Malena veut un enfant ; Marcela ne veut pas le sien. Sous la pluie, dans une atmosphère de suspense, Malena part de Buenos Aires et roule 800 km en voiture pour arriver dans une clinique d’une région pauvre. Marcela va y accoucher du bébé qui, suite à un accord entre elles, deviendra l’enfant de Malena.

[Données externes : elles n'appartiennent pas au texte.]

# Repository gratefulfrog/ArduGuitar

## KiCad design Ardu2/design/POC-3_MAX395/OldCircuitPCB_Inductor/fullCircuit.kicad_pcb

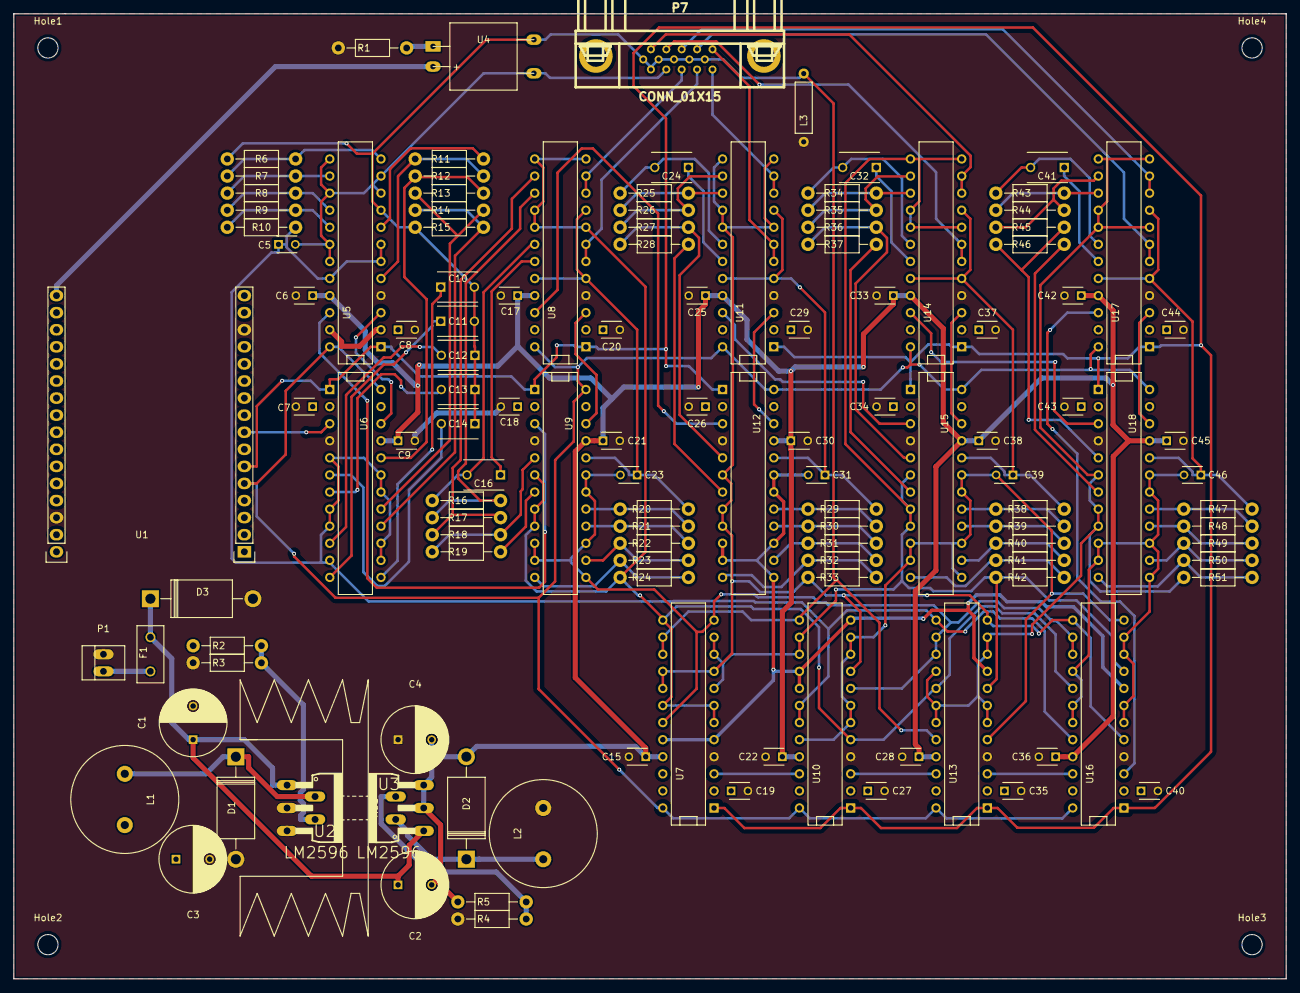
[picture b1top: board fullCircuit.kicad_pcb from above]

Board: 2 copper layers, 189.2 x 143.5 mm, 129 parts (0 on the bottom side), 104 nets.

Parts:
C1, C4: 470µF; C_Radial_D10_L16_P5
C2, C3: 220µF; C_Radial_D10_L16_P5
C5, C23, C31, C39, C46: 180pF; C_Disc_D3_P2.5
C6, C7, C8, C9, C15, C17, C18, C19, C20, C21, C22, C25, C26, C27, C28, C29, C30, C33, C34, C35, C36, C37, C38, C40, C42, C43, C44, C45: 100nF; C_Disc_D3_P2.5
C10, C16, C24, C32, C41: 10nF; C_Disc_D6_P5
C11: 6.8nF; C_Disc_D6_P5
C12: 4.7nF; C_Disc_D6_P5
C13: 2.2nF; C_Disc_D6_P5
C14: 1nF; C_Disc_D6_P5
D1, D2, D3: 1N5401; Diode_DO-201AD_Horizontal_RM15
F1: FUSE; Fuse_TE5_Littlefuse-395Series
HS1: HEATSINK; Heatsink_TO_220_38_20
Hole1, Hole2, Hole3, Hole4: MountingHole_3mm
L1, L2: INDUCTOR; 330L-Q9N_Inductor
L3: 1mH; Inductor
P1: CONN_01X02; PINHEAD1-2
P7: CONN_01X15; DB_15F-VGA
R1: 220; Resistor_Horizontal_RM10mm
R2, R4: 1K; Resistor_Horizontal_RM10mm
R3, R5: 330; Resistor_Horizontal_RM10mm
R6, R7, R8, R9, R10, R20, R21, R22, R23, R24, R29, R30, R31, R32, R33, R38, R39, R40, R41, R42, R47, R48, R49, R50, R51: 100K; Resistor_Horizontal_RM10mm
R11, R19, R28, R37, R46: 62K; Resistor_Horizontal_RM10mm
R12, R18, R27, R36, R45: 33K; Resistor_Horizontal_RM10mm
R13, R14, R16, R17, R25, R26, R34, R35, R43, R44: 16K; Resistor_Horizontal_RM10mm
R15: 22K; Resistor_Horizontal_RM10mm
U1: Pyboard; Pyboard16x2
U2, U3: LM2596; T05D
U4: Vactrol
U5, U6, U7, U8, U9, U10, U11, U12, U13, U14, U15, U16, U17, U18: MAX395; DIP-24__300

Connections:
/A+: P7.14, U17.6, U17.7
/A-: P7.13, U17.10, U17.11
/AOut+: C46.2, U16.6, U16.7, U16.10, U16.11, U16.16, U16.18, U16.19, U18.10, U18.11, U18.13, U18.15, U18.18, U18.19
/AOut-: R51.1, U13.6, U13.7, U13.10, U13.11, U13.16, U13.18, U13.19, U17.8, U17.12, U17.13, U17.16, U17.17, U18.6, U18.8, U18.9
/B+: P7.12, U14.6, U14.7
/B-: P7.11, U14.10, U14.11
/BATin: C1.1, C2.1, D3.1, F1.1, U2.1, U3.1
/BOut+: C39.2, U10.6, U10.7, U10.10, U10.11, U10.20, U13.5, U15.10, U15.11, U15.13, U15.15, U15.18, U15.19, U16.12
/BOut-: R42.1, U7.8, U7.10, U7.11, U10.14, U10.15, U13.8, U14.8, U14.12, U14.13, U14.16, U14.17, U15.6, U15.8, U15.9, U16.9
/C+: P7.15, U11.6, U11.7
/C-: P7.5, U11.10, U11.11
/CLK: U1.6, U5.1, U6.1, U7.1, U8.1, U9.1, U10.1, U11.1, U12.1, U13.1, U14.1, U15.1, U16.1, U17.1, U18.1
/COut+: C31.2, U7.5, U7.20, U10.12, U10.16, U10.17, U12.10, U12.11, U12.13, U12.15, U12.18, U12.19, U13.9, U16.8
/COut-: R33.1, U7.9, U7.16, U7.17, U10.9, U11.8, U11.12, U11.13, U11.16, U11.17, U12.6, U12.8, U12.9, U13.12, U16.5, U16.13
/CS: U1.5, U5.24, U6.24, U7.24, U8.24, U9.24, U10.24, U11.24, U12.24, U13.24, U14.24, U15.24, U16.24, U17.24, U18.24
/D+: P7.4, U8.6, U8.7
/D-: P7.3, U8.10, U8.11
/DOut+: C23.2, U7.12, U7.19, U9.10, U9.11, U9.13, U9.15, U9.18, U9.19, U10.8, U13.14, U13.15, U16.14, U16.15
/DOut-: R24.1, U7.6, U7.7, U7.13, U7.18, U8.8, U8.12, U8.13, U8.16, U8.17, U9.6, U9.8, U9.9, U10.5, U13.17, U16.17
/MIn+: C5.1, R10.2, U5.6, U5.7, U5.20, U6.5, U6.8, U6.9, U6.11, U6.14, U6.15, U6.18, U6.19, U10.18, U10.19, U13.13, U16.20
/MIn-: C10.2, C11.2, C12.1, C13.1, C14.1, L3.2, P7.1, P7.6, P7.7, P7.8, P7.9, P7.10, R6.1, R15.1, U4.3, U5.9, U7.14, U7.15, U10.13, U13.20
/OUT+: C5.2, P7.2, U4.4, U5.10, U5.11, U5.13, U5.15, U5.18, U5.19
/ShuntControl: U1.17, U4.2
/V+: C3.1, C7.1, C8.1, C18.1, C19.1, C20.1, C26.1, C27.1, C29.1, C34.1, C35.1, C37.1, C40.1, C43.1, C44.1, L1.2, R2.1, U1.16, U1.32, U5.2, U5.23, U6.2, U6.23, U7.2, U7.23, U8.2, U8.23, U9.2, U9.23, U10.2, U10.23, U11.2, U11.23, U12.2, U12.23, U13.2, U13.23, U14.2, U14.23, U15.2, U15.23, U16.2, U16.23, U17.2, U17.23, U18.2, U18.23
/V-: C2.2, C4.2, C6.1, C9.1, C15.1, C17.1, C21.1, C22.1, C25.1, C28.1, C30.1, C33.1, C36.1, C38.1, C42.1, C45.1, D2.2, R5.2, U3.3, U3.5, U5.21, U6.21, U7.21, U8.21, U9.21, U10.21, U11.21, U12.21, U13.21, U14.21, U15.21, U16.21, U17.21, U18.21
GND: C1.2, C3.2, C4.1, C6.2, C7.2, C8.2, C9.2, C15.2, C17.2, C18.2, C19.2, C20.2, C21.2, C22.2, C25.2, C26.2, C27.2, C28.2, C29.2, C30.2, C33.2, C34.2, C35.2, C36.2, C37.2, C38.2, C40.2, C42.2, C43.2, C44.2, C45.2, D1.2, D3.2, L2.2, L3.1, P1.2, R1.2, R3.2, R4.1, U1.14, U1.30, U2.3, U2.5, U5.4, U6.4, U7.4, U8.4, U9.4, U10.4, U11.4, U12.4, U13.4, U14.4, U15.4, U16.4, U17.4, U18.4
unnamed: C10.1, U6.13
unnamed: C11.1, U6.12
unnamed: C12.2, U6.10
unnamed: C13.2, U6.7
unnamed: C14.2, U6.6
unnamed: C16.1, U8.19
unnamed: C16.2, R16.1, U8.18
unnamed: C23.1, R20.2, U8.5, U8.9, U8.20, U9.20
unnamed: C24.1, U11.19
unnamed: C24.2, R25.1, U11.18
unnamed: C31.1, R29.2, U11.5, U11.9, U11.20, U12.20
unnamed: C32.1, U14.19
unnamed: C32.2, R34.1, U14.18
unnamed: C39.1, R38.2, U14.5, U14.9, U14.20, U15.20
unnamed: C41.1, U17.19
unnamed: C41.2, R43.1, U17.18
unnamed: C46.1, R47.2, U17.5, U17.9, U17.20, U18.20
unnamed: D1.1, L1.1, U2.2
unnamed: D2.1, L2.1, U3.2
unnamed: F1.2, P1.1
unnamed: R1.1, U4.1
unnamed: R2.2, R3.1, U2.4
unnamed: R4.2, R5.1, U3.4
unnamed: R6.2, R7.1, U5.12
unnamed: R7.2, R8.1, U5.14
unnamed: R8.2, R9.1, U5.16
unnamed: R9.2, R10.1, U5.17
unnamed: R11.1, R12.2, U5.5
unnamed: R11.2, U5.8
unnamed: R12.1, R13.2, U6.20
unnamed: R13.1, R14.2, U6.17
unnamed: R14.1, R15.2, U6.16
unnamed: R16.2, R17.1, U8.15
unnamed: R17.2, R18.1, U8.14
unnamed: R18.2, R19.1, U9.5
unnamed: R19.2, U9.7
unnamed: R20.1, R21.2, U9.17
unnamed: R21.1, R22.2, U9.16
unnamed: R22.1, R23.2, U9.14
unnamed: R23.1, R24.2, U9.12
unnamed: R25.2, R26.1, U11.15
unnamed: R26.2, R27.1, U11.14
unnamed: R27.2, R28.1, U12.5
unnamed: R28.2, U12.7
unnamed: R29.1, R30.2, U12.17
unnamed: R30.1, R31.2, U12.16
unnamed: R31.1, R32.2, U12.14
unnamed: R32.1, R33.2, U12.12
unnamed: R34.2, R35.1, U14.15
unnamed: R35.2, R36.1, U14.14
unnamed: R36.2, R37.1, U15.5
unnamed: R37.2, U15.7
unnamed: R38.1, R39.2, U15.17
unnamed: R39.1, R40.2, U15.16
unnamed: R40.1, R41.2, U15.14
unnamed: R41.1, R42.2, U15.12
unnamed: R43.2, R44.1, U17.15
unnamed: R44.2, R45.1, U17.14
unnamed: R45.2, R46.1, U18.5
unnamed: R46.2, U18.7
unnamed: R47.1, R48.2, U18.17
unnamed: R48.1, R49.2, U18.16
unnamed: R49.1, R50.2, U18.14
unnamed: R50.1, R51.2, U18.12
unnamed: U1.8, U6.3
unnamed: U5.3, U6.22
unnamed: U5.22, U9.3
unnamed: U8.3, U9.22
unnamed: U10.3, U13.22
unnamed: U7.3, U10.22
unnamed: U11.3, U12.22
unnamed: U11.22, U15.3
unnamed: U8.22, U12.3
unnamed: U13.3, U16.22
unnamed: U14.3, U15.22
unnamed: U14.22, U18.3
unnamed: U16.3, U17.22
unnamed: U17.3, U18.22

Les enjeux de l’adoption dénudent une réalité sur la vente d’enfants dans ce petit coin d’Argentine.
Parmi les différentes impasses présentées dans le film, il y a celle entre Malena et Marcela autour de leurs façons singulières de vouloir cet enfant.
Marcela, mère porteuse, donne la vie à cet enfant pour le vendre afin de gagner un peu d’argent pour que ses autres enfants puissent survivre ; Malena, mère adoptive, veut impérativement avoir un enfant et – portée par son angoisse – finit en prison, sans le bébé.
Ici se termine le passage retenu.